━━ The data

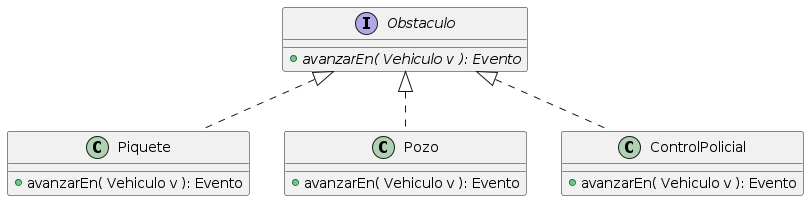

The diagram above was rendered by PlantUML. Its source (embedded in the PNG):
@startuml
!include Obstaculo.puml!SINSUBCLASES

class Piquete{
    + avanzarEn( Vehiculo v ): Evento
}
class Pozo{
    + avanzarEn( Vehiculo v ): Evento
}
class ControlPolicial{
    + avanzarEn( Vehiculo v ): Evento
}

Piquete .up.|> Obstaculo
Pozo .up.|> Obstaculo
ControlPolicial .up.|> Obstaculo
@enduml

━━━━

[Directions] Print each line of the material above exactly, with the pictures removed from your copy.

[Output of the task]
The diagram above was rendered by PlantUML. Its source (embedded in the PNG):
@startuml
!include Obstaculo.puml!SINSUBCLASES

class Piquete{
    + avanzarEn( Vehiculo v ): Evento
}
class Pozo{
    + avanzarEn( Vehiculo v ): Evento
}
class ControlPolicial{
    + avanzarEn( Vehiculo v ): Evento
}

Piquete .up.|> Obstaculo
Pozo .up.|> Obstaculo
ControlPolicial .up.|> Obstaculo
@enduml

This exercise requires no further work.